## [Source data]
==================================================

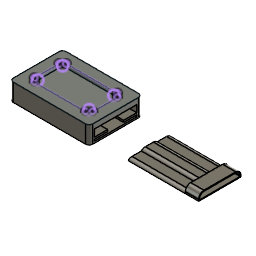
PRJCT (Autodesk Fusion 360 design; units mm, degrees)
part number: 2026-03-16-23-07-20-677
Autodesk Fusion 360 part; units mm, degrees
sketch "Esquisse1" plane through (0, 0, 0) normal (0, 1, 0) x (1, 0, 0)
  line L0 (22.5, 15) -> (-22.5, 15)
  line L1 (-22.5, 15) -> (-22.5, -15)
  line L2 (-22.5, -15) -> (22.5, -15)
  line L3 (22.5, -15) -> (22.5, 15)
  line L4 (22.5, 15) -> (-22.5, -15) construction
  line L5 (-22.5, 15) -> (22.5, -15) construction
  dimension "d1" = 30
  dimension "d2" = 45
  constraint horizontal L0
  constraint perpendicular L0 L1
  constraint parallel L0 L2
  constraint parallel L1 L3
  constraint coincident L4 origin
  constraint coincident L5 origin
  measures "d1" distance of L0.start L2.end
  measures "d2" distance of L0.start L0.end
extrude "Extrusion1" add sketch "Esquisse1" along normal blind 10 makes body 1
sketch "Esquisse2" plane through (22.5, 0, 0) normal (1, 0, 0) x (0, 0, -1)
  line L0 (-15, 0) -> (15, 0)
  line L1 (15, 0) -> (15, 10)
  line L2 (15, 10) -> (-15, 10)
  line L3 (-15, 10) -> (-15, 0)
  line L4 (-12, 7) -> (12, 7)
  line L5 (12, 7) -> (12, 3)
  line L6 (12, 3) -> (-12, 3)
  line L7 (-12, 3) -> (-12, 7)
  constraint horizontal L4
  constraint vertical L5
  constraint horizontal L6
  constraint vertical L7
sketch "Esquisse4" plane through (0, 10, 0) normal (0, 1, 0) x (-1, 0, 0)
  line L0 (-22.5, 15) -> (-22.5, -15)
  line L1 (-22.5, -15) -> (22.5, -15)
  line L2 (22.5, -15) -> (22.5, 15)
  line L3 (22.5, 15) -> (-22.5, 15)
  line L4 (16.5, 9) -> (-16.5, 9)
  line L5 (-16.5, 9) -> (-16.5, -9)
  line L6 (-16.5, -9) -> (16.5, -9)
  line L7 (16.5, -9) -> (16.5, 9)
  line L8 (16.5, 9) -> (-16.5, -9) construction
  line L9 (-16.5, 9) -> (16.5, -9) construction
  dimension "d9" = 6
  dimension "d10" = 6
  constraint horizontal L4
  constraint perpendicular L4 L5
  constraint parallel L4 L6
  constraint parallel L5 L7
  constraint coincident L8 origin
  constraint coincident L9 origin
  measures "d9" distance of L3 L4
  measures "d10" distance of L0 L5
extrude "Extrusion3" cut sketch "Esquisse4" against normal blind 2 contours L4 L5 L6 L7 bodies 1
fillet "Congé2" radius 2 4 edges at (-16.5, 9, -9) (-16.5, 9, 9) (16.5, 9, 9) (16.5, 9, -9) on bodies 1
extrude "Extrusion2" cut sketch "Esquisse2" against normal blind 40 contours L4 L5 L6 L7 bodies 1
fillet "Congé1" radius 2 4 edges at (22.5, 5, 15) (-22.5, 5, 15) (22.5, 5, -15) (-22.5, 5, -15) on bodies 1
sketch "Esquisse3" plane through (0, 10, 0) normal (0, 1, 0) x (-1, 0, 0)
  arc A0 (20.5, -15) -> (22.5, -13) centre (20.5, -13) ccw
  line L0 (22.5, -13) -> (22.5, 13)
  arc A1 (22.5, 13) -> (20.5, 15) centre (20.5, 13) ccw
  line L1 (20.5, 15) -> (-20.5, 15)
  arc A2 (-20.5, 15) -> (-22.5, 13) centre (-20.5, 13) ccw
  line L2 (-22.5, 13) -> (-22.5, -13)
  arc A3 (-22.5, -13) -> (-20.5, -15) centre (-20.5, -13) ccw
  line L3 (-20.5, -15) -> (20.5, -15)
  line L4 (-14.5, 9) -> (14.5, 9)
  arc A4 (16.5, 7) -> (14.5, 9) centre (14.5, 7) ccw
  line L5 (16.5, 7) -> (16.5, -7)
  arc A5 (14.5, -9) -> (16.5, -7) centre (14.5, -7) ccw
  line L6 (14.5, -9) -> (-14.5, -9)
  arc A6 (-16.5, -7) -> (-14.5, -9) centre (-14.5, -7) ccw
  line L7 (-16.5, -7) -> (-16.5, 7)
  arc A7 (-14.5, 9) -> (-16.5, 7) centre (-14.5, 7) ccw
sketch "Esquisse5" plane through (22.5, 0, 0) normal (1, 0, 0) x (0, 0, -1)
  line L0 (12, 7) -> (12, 3)
  line L1 (12, 3) -> (-12, 3)
  line L2 (-12, 3) -> (-12, 7)
  line L3 (-12, 7) -> (12, 7)
  line L4 (13, 0) -> (13, 10)
  line L5 (13, 10) -> (-13, 10)
  line L6 (-13, 10) -> (-13, 0)
  line L7 (-13, 0) -> (13, 0)
  line L8 (-4.5, 3) -> (4.5, 3)
  line L9 (4.5, 3) -> (4.5, 2)
  line L10 (4.5, 2) -> (-4.5, 2)
  line L11 (-4.5, 2) -> (-4.5, 3)
  line L12 (-12, 2) -> (12, 2)
  line L13 (12, 2) -> (12, 1)
  line L14 (12, 1) -> (-12, 1)
  line L15 (-12, 1) -> (-12, 2)
  dimension "d15" = 7.5
  dimension "d16" = 7.5
  constraint horizontal L8
  constraint vertical L9
  constraint horizontal L10
  constraint vertical L11
  constraint coincident L1 L8.start
  constraint horizontal L12
  constraint vertical L13
  constraint horizontal L14
  constraint vertical L15
  measures "d15" distance of L2 L11
  measures "d16" distance of L0 L9
extrude "Extrusion4" cut sketch "Esquisse5" against normal blind 24 contours L1 L8 L9 L10 L11 L12 | L10 L12 L13 L14 L15 bodies 1
extrude "Extrusion5" add 1 faces at (-1.5, 1.3333, 1.5) along direction (1, 0, 0) blind 40 separate body on bodies 1 makes body 2
move_body "Déplacer1" bodies 2 to x (1, 0, 0) y (0, 1, 0) z (0, 0, 1) at (43, 0, 0)
sketch "Esquisse6" plane through (0, 2, 0) normal (0, 1, 0) x (-1, 0, 0)
  line L0 (-41.5, 4.5) -> (-41.5, 12)
  line L1 (-41.5, 12) -> (-81.5, 12)
  line L2 (-81.5, 12) -> (-81.5, 4.5)
  line L3 (-81.5, 4.5) -> (-41.5, 4.5)
  line L4 (-81.5, 12) -> (-91, 12)
  line L5 (-91, 12) -> (-91, -12)
  line L6 (-91, -12) -> (-81.5, -12)
  line L7 (-81.5, -12) -> (-81.5, 12)
  constraint horizontal L4
  constraint vertical L5
  constraint horizontal L6
  constraint vertical L7
  constraint coincident L1.end L2.start
sketch "Esquisse7" plane through (0, 2, 0) normal (0, 1, 0) x (-1, 0, 0)
  line L0 (-41.5, 4.5) -> (-41.5, 12)
  line L1 (-41.5, 12) -> (-81.5, 12)
  line L2 (-81.5, 12) -> (-81.5, 4.5)
  line L3 (-81.5, 4.5) -> (-41.5, 4.5)
  line L4 (-81.5, 12) -> (-74, 12)
  line L5 (-74, 12) -> (-74, -12)
  line L6 (-74, -12) -> (-81.5, -12)
  line L7 (-81.5, -12) -> (-81.5, 12)
  constraint horizontal L4
  constraint vertical L5
  constraint horizontal L6
  constraint vertical L7
  constraint coincident L1.end L2.start
extrude "Extrusion7" add sketch "Esquisse7" along normal blind 3 contours L3 L5 L6 L7 | L1 L2 L3 L4 L5 L7 bodies 2
fillet "Congé5" radius 3 6 edges at (77.75, 5, -12) (77.75, 5, 12) (57.75, 3, -4.5) (57.75, 2, -12) (57.75, 2, 12) (57.75, 3, 4.5) on bodies 2
shell "Coque2" thickness 0.5 removed faces 1 at (81.5, 2.3333, -3) on bodies 2

==================================================

Repeat, exactly and in full, each line from the start of the data to the line that contains "distance of L0 L5". Pictures do not go in.

## [TASK SOLUTION]
PRJCT (Autodesk Fusion 360 design; units mm, degrees)
part number: 2026-03-16-23-07-20-677
Autodesk Fusion 360 part; units mm, degrees
sketch "Esquisse1" plane through (0, 0, 0) normal (0, 1, 0) x (1, 0, 0)
  line L0 (22.5, 15) -> (-22.5, 15)
  line L1 (-22.5, 15) -> (-22.5, -15)
  line L2 (-22.5, -15) -> (22.5, -15)
  line L3 (22.5, -15) -> (22.5, 15)
  line L4 (22.5, 15) -> (-22.5, -15) construction
  line L5 (-22.5, 15) -> (22.5, -15) construction
  dimension "d1" = 30
  dimension "d2" = 45
  constraint horizontal L0
  constraint perpendicular L0 L1
  constraint parallel L0 L2
  constraint parallel L1 L3
  constraint coincident L4 origin
  constraint coincident L5 origin
  measures "d1" distance of L0.start L2.end
  measures "d2" distance of L0.start L0.end
extrude "Extrusion1" add sketch "Esquisse1" along normal blind 10 makes body 1
sketch "Esquisse2" plane through (22.5, 0, 0) normal (1, 0, 0) x (0, 0, -1)
  line L0 (-15, 0) -> (15, 0)
  line L1 (15, 0) -> (15, 10)
  line L2 (15, 10) -> (-15, 10)
  line L3 (-15, 10) -> (-15, 0)
  line L4 (-12, 7) -> (12, 7)
  line L5 (12, 7) -> (12, 3)
  line L6 (12, 3) -> (-12, 3)
  line L7 (-12, 3) -> (-12, 7)
  constraint horizontal L4
  constraint vertical L5
  constraint horizontal L6
  constraint vertical L7
sketch "Esquisse4" plane through (0, 10, 0) normal (0, 1, 0) x (-1, 0, 0)
  line L0 (-22.5, 15) -> (-22.5, -15)
  line L1 (-22.5, -15) -> (22.5, -15)
  line L2 (22.5, -15) -> (22.5, 15)
  line L3 (22.5, 15) -> (-22.5, 15)
  line L4 (16.5, 9) -> (-16.5, 9)
  line L5 (-16.5, 9) -> (-16.5, -9)
  line L6 (-16.5, -9) -> (16.5, -9)
  line L7 (16.5, -9) -> (16.5, 9)
  line L8 (16.5, 9) -> (-16.5, -9) construction
  line L9 (-16.5, 9) -> (16.5, -9) construction
  dimension "d9" = 6
  dimension "d10" = 6
  constraint horizontal L4
  constraint perpendicular L4 L5
  constraint parallel L4 L6
  constraint parallel L5 L7
  constraint coincident L8 origin
  constraint coincident L9 origin
  measures "d9" distance of L3 L4
  measures "d10" distance of L0 L5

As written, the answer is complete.